What follows is the assignment of each of these indicators to components of an SQL query. The table below shows the result of this process. The combination and presence of these indicators are combined into a final weighting for each component, namely Low, Medium or High.

Complexity scoring

| Component | Data Complexity | By | Cognitive Complexity | By | |-----------------------------|-----------------|---------------|----------------------|-------------------------------| | Clause:SELECT | Low | D1-A, D2-D | Low | C1, C6, C9-B, C10 | | Clause:FROM | Medium | D1-B, D2-D | Low | C3, C7, C9-A, C10 | | Clause:JOIN | Medium | D1-C, D2-F | Medium | C2, C3, C7, C9-B, C10 | | Clause:WHERE | High | D1-C, D2-C/D | Medium | C2, C6, C9-B, C10 | | Clause:GROUP BY | High | D1-C, D2-D/E | High | C2, C4, C5, C9-B, C10 | | Clause:HAVING | Medium | D1-A, D2-D | High | C2, C4, C5, C9-C, C10 | | Clause:ORDER BY | Low | D1-C, D2-D/E | Medium | C6, C9-B, C10 | | Clause:LIMIT | Low | D1-A, D2-B | Low | C9-A | | Clause:OFFSET | Low | D1-A, D2-B | Low | C9-A | | Expression:Table | Medium | D1-B, D2-A | Medium | C9-A, C10 | | Expression:Column | Medium | D1-B, D2-A | Medium | C6, C9-A, C10 | | Expression:String | Low | D1-A, D2-A | Low | C6, C9-A | | Expression:Number | Low | D1-A, D2-A | Low | C6, C9-A | | Expression:Null | Low | D1-A, D2-A | Low | C6, C9-A | | Expression:Star | Low | D1-A, D2-A | Low | C1, C9-A | | Expression:Unary | Low | D1-A, D2-A | Medium | C2, C6, C9-A | | Expression:Binary | Low | D1-A, D2-A | Medium | C2, C6, C9-B | | Expression:Function | High | D1-B, D2-D | Medium | C6, C9-A, C11 | | Expression:List | Low | D1-C, D2-A | Low | C6, C9-C | | Expression:Agg-Function | High | D1-B, D2-F | High | C4, C5, C9-A, C10, C11 | | Operator | Low | D1-C, D2-A | Medium | C2, C6, C9-B | | Emergent:Cycle | Medium | D1-B, D2-F | High | C2, C3, C9-C, C10 | | Emergent:Mixed-Style | None | D1-A, D2-A | Medium | C9-C | | Emergent:Subquery | High | D1-C, D2-F | High | C1, C2, C3, C7, C8, C9-C, C10 | | Emergent:Variety | None | D1-A, D2-A | Medium | C9-C |

Calculation

Each query that passes through SQompLexity is parsed into an Abstract Syntax Tree (AST), which provides the backbone of the algorithm that sums up the weights. Each query is traversed fully (including subqueries), and the scores are summed to result in a final SQompLexity score for any given SQL query.

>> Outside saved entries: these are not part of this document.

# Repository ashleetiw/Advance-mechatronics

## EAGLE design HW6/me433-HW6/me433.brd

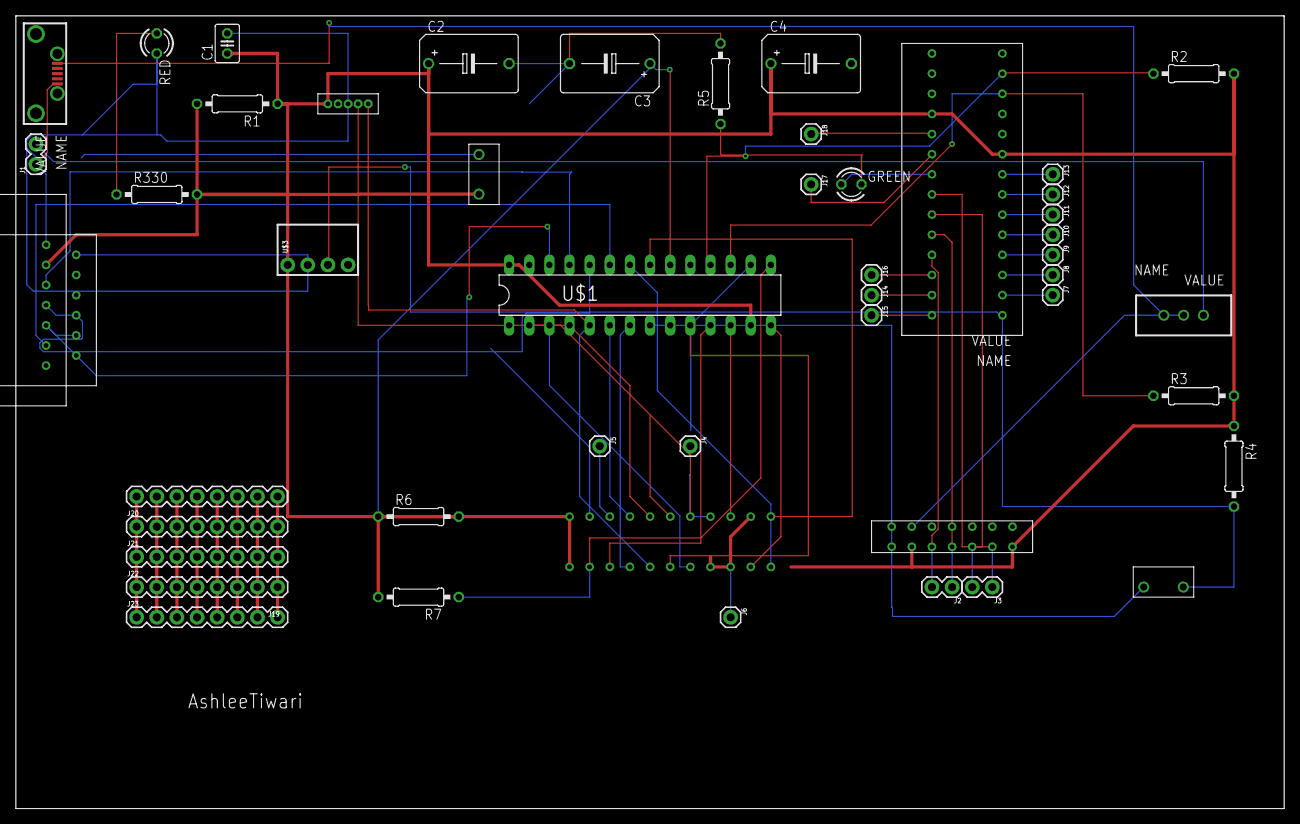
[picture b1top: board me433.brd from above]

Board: 2 copper layers, 160.0 x 100.0 mm, 49 parts (0 on the bottom side), 57 nets.

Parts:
C1: 0.1; C025-030X050
C2, C4: 0.1; B45181C
C3: 10; B45181C
GREEN: LED3MM
HBRIDGE: H_BRIDGE
J1, J2, J3: 1X02
J4, J5, J6, J7, J8, J9, J10, J11, J12, J13, J14, J15, J16, J17, J18: 1X01
J19, J20, J21, J22, J23: 1X08
R1, R2, R3, R4, R5: 10k; 0207/10
R6, R7: 4.7k; 0207/10
R330: 0207/10
RED: LED3MM
RESET: PUSH
U$1: PIC32; DIL28-3
U$2: MICROUSB
U$3: POLULU3V3; POLOLU3V3
U$4: SLIDE
U$5: FIFO_CAMERA
U$6: SNAP
U$7: USB_CON
U$8: LCD
U$10: EXPANDER
USER: PUSH

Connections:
+3V3: C1.1, C2.+, C4.+, HBRIDGE.P$2, HBRIDGE.P$7, R1.1, R1.2, R2.2, R3.2, R4.1, R6.2, R7.2, R330.2, RESET.P$1, U$1.13, U$1.28, U$3.1, U$5.P$1, U$6.P$1, U$8.P$2, U$10.P$9, U$10.P$18
+5V: U$2.1.VBUS, U$4.1
ADIR: HBRIDGE.P$6, J3.1, U$10.P$22
APWM: HBRIDGE.P$5, J3.2, U$10.P$23
B0-PGD-D4: U$1.4, U$5.P$10, U$6.P$4
B1-PGC0-D5: U$1.5, U$5.P$9, U$6.P$5
B6: R7.1, U$1.15, U$5.P$3
B7: R6.1, U$1.16, U$5.P$4
B8: R3.1, U$1.17, U$10.P$12
B9: R2.1, U$1.18, U$10.P$13
B12: U$1.23, U$8.P$6
B13: U$1.24, U$7.P$4, U$8.P$4
B14: U$1.25, U$8.P$3
B15: U$1.26, U$7.P$5, U$8.P$5
BDIR: HBRIDGE.P$4, J2.1, U$10.P$24
BPWM: HBRIDGE.P$3, J2.2, U$10.P$25
D0: U$1.2, U$5.P$14
D1: U$1.3, U$5.P$13
D3: U$1.10, U$5.P$11
D6: U$1.6, U$5.P$8
D7: U$1.7, U$5.P$7
GND: C1.2, C2.-, C3.-, C4.-, HBRIDGE.P$1, HBRIDGE.P$8, J1.1, R5.2, RED.K, RESET.P$2, U$1.8, U$1.19, U$1.27, U$2.5.GND, U$3.2, U$5.P$2, U$6.P$3, U$7.P$1, U$8.P$1, U$10.P$10, U$10.P$15, U$10.P$16, U$10.P$17, USER.P$2
unnamed: C3.+, U$1.20
unnamed: R330.1, RED.A
unnamed: GREEN.A, U$10.P$21
unnamed: R4.2, U$10.P$1, USER.P$1
unnamed: GREEN.K, R5.1
unnamed: J6.1, U$5.P$17
unnamed: J4.1, U$5.P$16
unnamed: J7.1, U$10.P$2
unnamed: J8.1, U$10.P$3
unnamed: J9.1, U$10.P$4
unnamed: J10.1, U$10.P$5
unnamed: J11.1, U$10.P$6
unnamed: J12.1, U$10.P$7
unnamed: J13.1, U$10.P$8
unnamed: J14.1, U$10.P$27
unnamed: J15.1, U$10.P$28
unnamed: J16.1, U$10.P$26
unnamed: J17.1, U$10.P$20
unnamed: J18.1, U$10.P$19
unnamed: J19.8, J20.8, J21.8, J22.8, J23.8
unnamed: J19.7, J20.7, J21.7, J22.7, J23.7
unnamed: J19.6, J20.6, J21.6, J22.6, J23.6
unnamed: J19.5, J20.5, J21.5, J22.5, J23.5
unnamed: J19.4, J20.4, J21.4, J22.4, J23.4
unnamed: J19.3, J20.3, J21.3, J22.3, J23.3
unnamed: J19.2, J20.2, J21.2, J22.2, J23.2
unnamed: J19.1, J20.1, J21.1, J22.1, J23.1
RCK: U$1.12, U$5.P$18
RRST: U$1.21, U$5.P$22
S$2: U$5.P$15, U$5.P$20
V+: J1.2, U$4.3
VIN: HBRIDGE.P$9, U$3.3, U$4.2
VSY: U$1.11, U$5.P$5
WR: U$1.14, U$5.P$19
WRST: U$1.22, U$5.P$21

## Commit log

2021-06-09 hw code uploaded
2021-06-09 added hw11 code
2021-06-09 added videos and images
2021-06-10 added inside a folder
2021-06-12 push HW6
2021-06-13 hw16 added
2021-06-13 pushed new one
2021-06-13 added recent one

The numerical weights for each of groups are like so:

| Category | Numerical Score | |----------------------|---------------------| | Data Complexity | 50% | | Cognitive Complexity | 50% | | | | | Low | 1.0 | | Medium | 1.25 | | High | 1.5 |

The equal contribution of both Data Complexity and Cognitive Complexity is arbitrary, and research could still be done to develop a distribution that more fairly approaches a general sense of complexity.

Similarly, the weights of Low, Medium and High are set to some sensible defaults. It is necessary though for all weights to be greater than or equal to 1, since multiplication may take place during the algorithm.

Project Origin

This is a product of my master's thesis on complexity progression and correlations on Stack Overflow. For this study, I have developed an SQL complexity metric to be used on question and answer data from Stack Overflow.